В начале мая 1943 года нам объявили, что через неделю поедем на фронт.
Ждем отправки. И тут к маршевому батальону прибыл «покупатель» из Саратова, с 31-го учебного танкового полка, и стал «вербовать» желающих в танкисты. Два моих близких друга, Володя Текушин и Саша Тюрьморезов, оба кубанские казаки, пошли и записались в танкисты. Спрашивают меня: «А ты чего стоишь?» – «Не пойду, потом скажут – жид от фронта увильнуть хочет». – «Да брось ты, охота тебе пушку на горбу таскать? А так хоть в танке воевать будем, не своими ногами землю топтать. Пошли с нами!»
Привезли нас в учебный полк в Саратов. УТП находился рядом с Саратовским танковым училищем. Курс подготовки длился шесть месяцев, за это время мы сделали полную ротацию на все танковые специальности, каждый из нас мог воевать как башнер, механик-водитель или как стрелок-радист.
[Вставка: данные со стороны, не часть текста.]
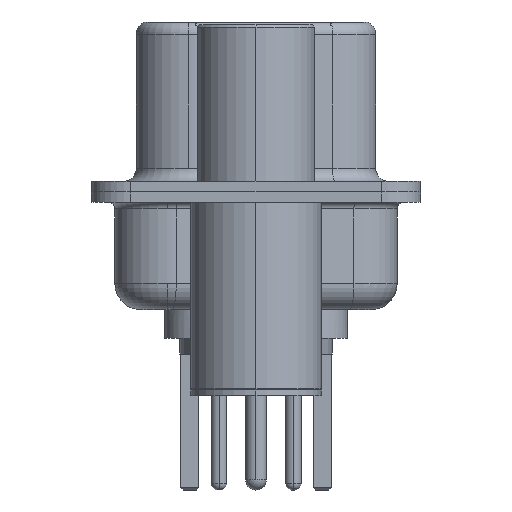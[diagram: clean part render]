
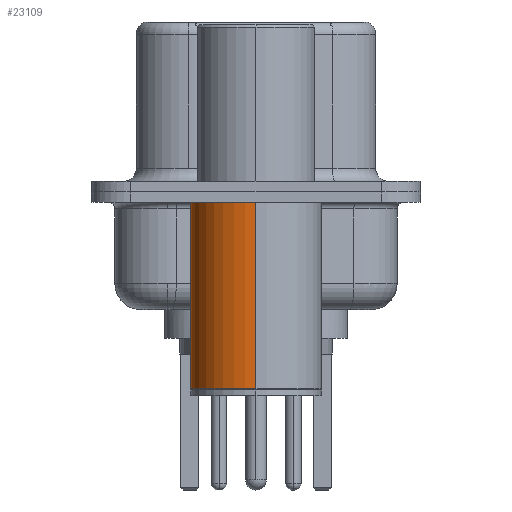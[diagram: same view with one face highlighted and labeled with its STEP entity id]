
A CAD part, left-side view. The second image highlights one B-rep face of the part: STEP entity #23109.
In plain terms, the highlighted cylindrical face has radius 2.5 mm (diameter 5 mm), a partial arc.
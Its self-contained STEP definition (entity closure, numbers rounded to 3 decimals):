
#13 = DIRECTION ( 'NONE',  ( 0., 0., 1. ) ) ;
#290 = DIRECTION ( 'NONE',  ( 0., 0., 1. ) ) ;
#578 = CYLINDRICAL_SURFACE ( 'NONE', #13681, 2.5 ) ;
#732 = ORIENTED_EDGE ( 'NONE', *, *, #22163, .F. ) ;
#1522 = DIRECTION ( 'NONE',  ( 1., 0., 0. ) ) ;
#2417 = ORIENTED_EDGE ( 'NONE', *, *, #5310, .T. ) ;
#4839 = CARTESIAN_POINT ( 'NONE',  ( -2.5, 0., -7.525 ) ) ;
#5310 = EDGE_CURVE ( 'NONE', #8031, #8462, #9132, .T. ) ;
#6284 = CARTESIAN_POINT ( 'NONE',  ( 2.5, 0., -7.525 ) ) ;
#8031 = VERTEX_POINT ( 'NONE', #4839 ) ;
#8462 = VERTEX_POINT ( 'NONE', #12069 ) ;
#9132 = LINE ( 'NONE', #11214, #14669 ) ;
#9858 = LINE ( 'NONE', #13150, #21647 ) ;
#9993 = DIRECTION ( 'NONE',  ( 0., 0., 1. ) ) ;
#10277 = ORIENTED_EDGE ( 'NONE', *, *, #17584, .T. ) ;
#10974 = CIRCLE ( 'NONE', #13909, 2.5 ) ;
#11002 = ORIENTED_EDGE ( 'NONE', *, *, #20152, .F. ) ;
#11214 = CARTESIAN_POINT ( 'NONE',  ( -2.5, 0., 0.581 ) ) ;
#11752 = FACE_OUTER_BOUND ( 'NONE', #20196, .T. ) ;
#12069 = CARTESIAN_POINT ( 'NONE',  ( -2.5, 0., -0.4 ) ) ;
#12868 = CARTESIAN_POINT ( 'NONE',  ( 0., 0., -0.4 ) ) ;
#13150 = CARTESIAN_POINT ( 'NONE',  ( 2.5, 0., 0.581 ) ) ;
#13681 = AXIS2_PLACEMENT_3D ( 'NONE', #14070, #18154, #1522 ) ;
#13909 = AXIS2_PLACEMENT_3D ( 'NONE', #22526, #9993, #24652 ) ;
#14070 = CARTESIAN_POINT ( 'NONE',  ( 0., 0., 0.581 ) ) ;
#14669 = VECTOR ( 'NONE', #13, 1000. ) ;
#14958 = DIRECTION ( 'NONE',  ( 1., 0., 0. ) ) ;
#17584 = EDGE_CURVE ( 'NONE', #23853, #8031, #10974, .T. ) ;
#18154 = DIRECTION ( 'NONE',  ( 0., 0., 1. ) ) ;
#19348 = DIRECTION ( 'NONE',  ( 0., 0., 1. ) ) ;
#20152 = EDGE_CURVE ( 'NONE', #23853, #20199, #9858, .T. ) ;
#20196 = EDGE_LOOP ( 'NONE', ( #10277, #2417, #732, #11002 ) ) ;
#20199 = VERTEX_POINT ( 'NONE', #23675 ) ;
#21647 = VECTOR ( 'NONE', #19348, 1000. ) ;
#22163 = EDGE_CURVE ( 'NONE', #20199, #8462, #23914, .T. ) ;
#22526 = CARTESIAN_POINT ( 'NONE',  ( 0., 0., -7.525 ) ) ;
#22768 = AXIS2_PLACEMENT_3D ( 'NONE', #12868, #290, #14958 ) ;
#23109 = ADVANCED_FACE ( 'NONE', ( #11752 ), #578, .T. ) ;
#23675 = CARTESIAN_POINT ( 'NONE',  ( 2.5, 0., -0.4 ) ) ;
#23853 = VERTEX_POINT ( 'NONE', #6284 ) ;
#23914 = CIRCLE ( 'NONE', #22768, 2.5 ) ;
#24652 = DIRECTION ( 'NONE',  ( 1., 0., 0. ) ) ;
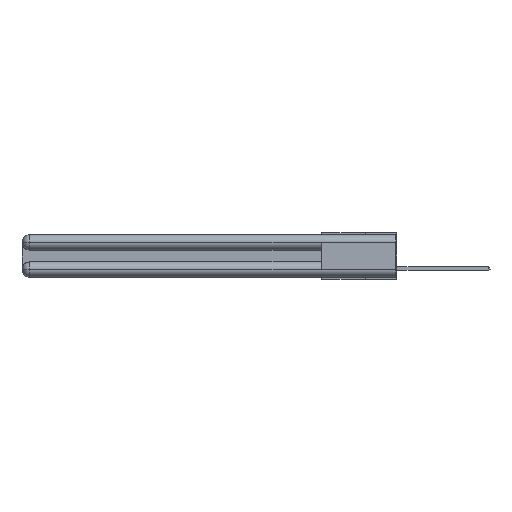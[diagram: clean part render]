
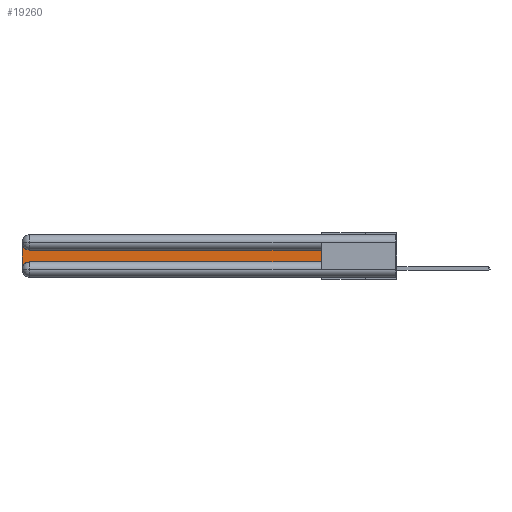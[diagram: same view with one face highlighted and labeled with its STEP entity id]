
A CAD part, left-side view. The second image highlights one B-rep face of the part: STEP entity #19260.
In plain terms, the highlighted planar face has unit normal (-1, 0, 0).
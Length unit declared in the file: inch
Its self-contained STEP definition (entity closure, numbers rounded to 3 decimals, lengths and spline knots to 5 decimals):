
#949 = VECTOR ( 'NONE', #14644, 39.37008 ) ;
#1943 = EDGE_LOOP ( 'NONE', ( #20582, #5579, #31017, #25897, #13260, #31945 ) ) ;
#2668 = VERTEX_POINT ( 'NONE', #19540 ) ;
#4043 = CARTESIAN_POINT ( 'NONE',  ( 0.075, 0.6, -0.2175 ) ) ;
#4283 = PLANE ( 'NONE',  #27327 ) ;
#4900 = CARTESIAN_POINT ( 'NONE',  ( 0.075, 0.6, -0.1225 ) ) ;
#5336 = DIRECTION ( 'NONE',  ( 1., 0., 0. ) ) ;
#5579 = ORIENTED_EDGE ( 'NONE', *, *, #20126, .T. ) ;
#7332 = VECTOR ( 'NONE', #27033, 39.37008 ) ;
#7828 = CIRCLE ( 'NONE', #15091, 0.06 ) ;
#8327 = EDGE_CURVE ( 'NONE', #31596, #29251, #28318, .T. ) ;
#9121 = CARTESIAN_POINT ( 'NONE',  ( 0.075, 3., -0.0625 ) ) ;
#9648 = DIRECTION ( 'NONE',  ( 0., 0., -1. ) ) ;
#9864 = VECTOR ( 'NONE', #29923, 39.37008 ) ;
#12863 = EDGE_CURVE ( 'NONE', #29251, #2668, #20236, .T. ) ;
#12965 = CIRCLE ( 'NONE', #25224, 0.06 ) ;
#13260 = ORIENTED_EDGE ( 'NONE', *, *, #8327, .T. ) ;
#13393 = EDGE_CURVE ( 'NONE', #28244, #31596, #12965, .T. ) ;
#14644 = DIRECTION ( 'NONE',  ( 0., 0., -1. ) ) ;
#15091 = AXIS2_PLACEMENT_3D ( 'NONE', #17546, #22623, #30323 ) ;
#17546 = CARTESIAN_POINT ( 'NONE',  ( 0.075, 2.94, -0.0625 ) ) ;
#18236 = CARTESIAN_POINT ( 'NONE',  ( 0.075, 2.94, -0.2775 ) ) ;
#18331 = FACE_OUTER_BOUND ( 'NONE', #1943, .T. ) ;
#19260 = ADVANCED_FACE ( 'NONE', ( #18331 ), #4283, .F. ) ;
#19540 = CARTESIAN_POINT ( 'NONE',  ( 0.075, 0.6, -0.1225 ) ) ;
#20053 = CARTESIAN_POINT ( 'NONE',  ( 0.075, 2.94, -0.2175 ) ) ;
#20126 = EDGE_CURVE ( 'NONE', #23101, #20640, #7828, .T. ) ;
#20236 = LINE ( 'NONE', #24688, #30261 ) ;
#20582 = ORIENTED_EDGE ( 'NONE', *, *, #24787, .T. ) ;
#20640 = VERTEX_POINT ( 'NONE', #9121 ) ;
#21094 = EDGE_CURVE ( 'NONE', #20640, #28244, #29844, .T. ) ;
#21880 = CARTESIAN_POINT ( 'NONE',  ( 0.075, 2.94, -0.1225 ) ) ;
#22311 = CARTESIAN_POINT ( 'NONE',  ( 0.075, 3., -0.2175 ) ) ;
#22575 = DIRECTION ( 'NONE',  ( 1., 0., 0. ) ) ;
#22623 = DIRECTION ( 'NONE',  ( 1., 0., 0. ) ) ;
#23101 = VERTEX_POINT ( 'NONE', #21880 ) ;
#23307 = DIRECTION ( 'NONE',  ( 0., 0., -1. ) ) ;
#24688 = CARTESIAN_POINT ( 'NONE',  ( 0.075, 0.6, -0.2175 ) ) ;
#24787 = EDGE_CURVE ( 'NONE', #2668, #23101, #27426, .T. ) ;
#25224 = AXIS2_PLACEMENT_3D ( 'NONE', #18236, #5336, #23307 ) ;
#25897 = ORIENTED_EDGE ( 'NONE', *, *, #13393, .T. ) ;
#27033 = DIRECTION ( 'NONE',  ( 0., 1., 0. ) ) ;
#27126 = DIRECTION ( 'NONE',  ( 0., 0., 1. ) ) ;
#27327 = AXIS2_PLACEMENT_3D ( 'NONE', #30058, #22575, #9648 ) ;
#27426 = LINE ( 'NONE', #4900, #7332 ) ;
#27673 = CARTESIAN_POINT ( 'NONE',  ( 0.075, 3., -0.2775 ) ) ;
#28244 = VERTEX_POINT ( 'NONE', #27673 ) ;
#28285 = CARTESIAN_POINT ( 'NONE',  ( 0.075, 0.6, -0.2175 ) ) ;
#28318 = LINE ( 'NONE', #4043, #9864 ) ;
#29251 = VERTEX_POINT ( 'NONE', #28285 ) ;
#29844 = LINE ( 'NONE', #22311, #949 ) ;
#29923 = DIRECTION ( 'NONE',  ( 0., -1., 0. ) ) ;
#30058 = CARTESIAN_POINT ( 'NONE',  ( 0.075, 3., -0.1225 ) ) ;
#30261 = VECTOR ( 'NONE', #27126, 39.37008 ) ;
#30323 = DIRECTION ( 'NONE',  ( 0., 0., -1. ) ) ;
#31017 = ORIENTED_EDGE ( 'NONE', *, *, #21094, .T. ) ;
#31596 = VERTEX_POINT ( 'NONE', #20053 ) ;
#31945 = ORIENTED_EDGE ( 'NONE', *, *, #12863, .T. ) ;

Наш набор был первым, получившим столь долгую подготовку, до нас всех танкистов выпускали на фронт через 3–4 месяца.
Потом мы сидели в резерве, ждали танки с нижнетагильского конвейера, только в марте 1944 года наша маршевая танковая рота погрузилась с танками Т-34/76 на платформы и отправилась на фронт. Каждый экипаж получил своего офицера – командира. В основном эти лейтенанты были нормальные ребята, а те из них, кто попадался с гонором, те, кто гоношился и пытался орать и материть своих танкистов, сразу слышали в ответ: «На фронт попадем, мы с тобой, гнида, сразу расквитаемся». Подобные «обещания» безотказно действовали и на наших инструкторов еще в УТП, поэтому в экипажах сразу возникала хорошая атмосфера – «один за всех, и все за одного».
Командиром моего танка стал младший лейтенант Подопригора, механиком-водителем был белорус Синилов, бывший тракторист, стрелком-радистом был молодой парень из Энгельса Ваня Палец, я стал башнером. Дядя Синилова был большим начальником, генералом и военным комендантом Москвы, так мы всю дорогу над ним подшучивали: «Синилов, что же тебя родной дядька так не любит? Взял бы хоть к себе в комендатуру, а то сгорит его родная кровь в первом бою, и поминай как звали». Разгружался наш эшелон в Дубно, и Синилов, как опытный механик-водитель, лично согнал все танки роты с платформ. Дали приказ на движение, прибыли в какой-то лес, на опушке закопали танки в землю, только башни торчали. Попали мы в 111-ю танковую бригаду. Появилось начальство, стали разбирать танки по батальонам и тасовать экипажи, как колоду замусоленных игральных карт. Я попал в 1-ю роту 1-го танкового батальона.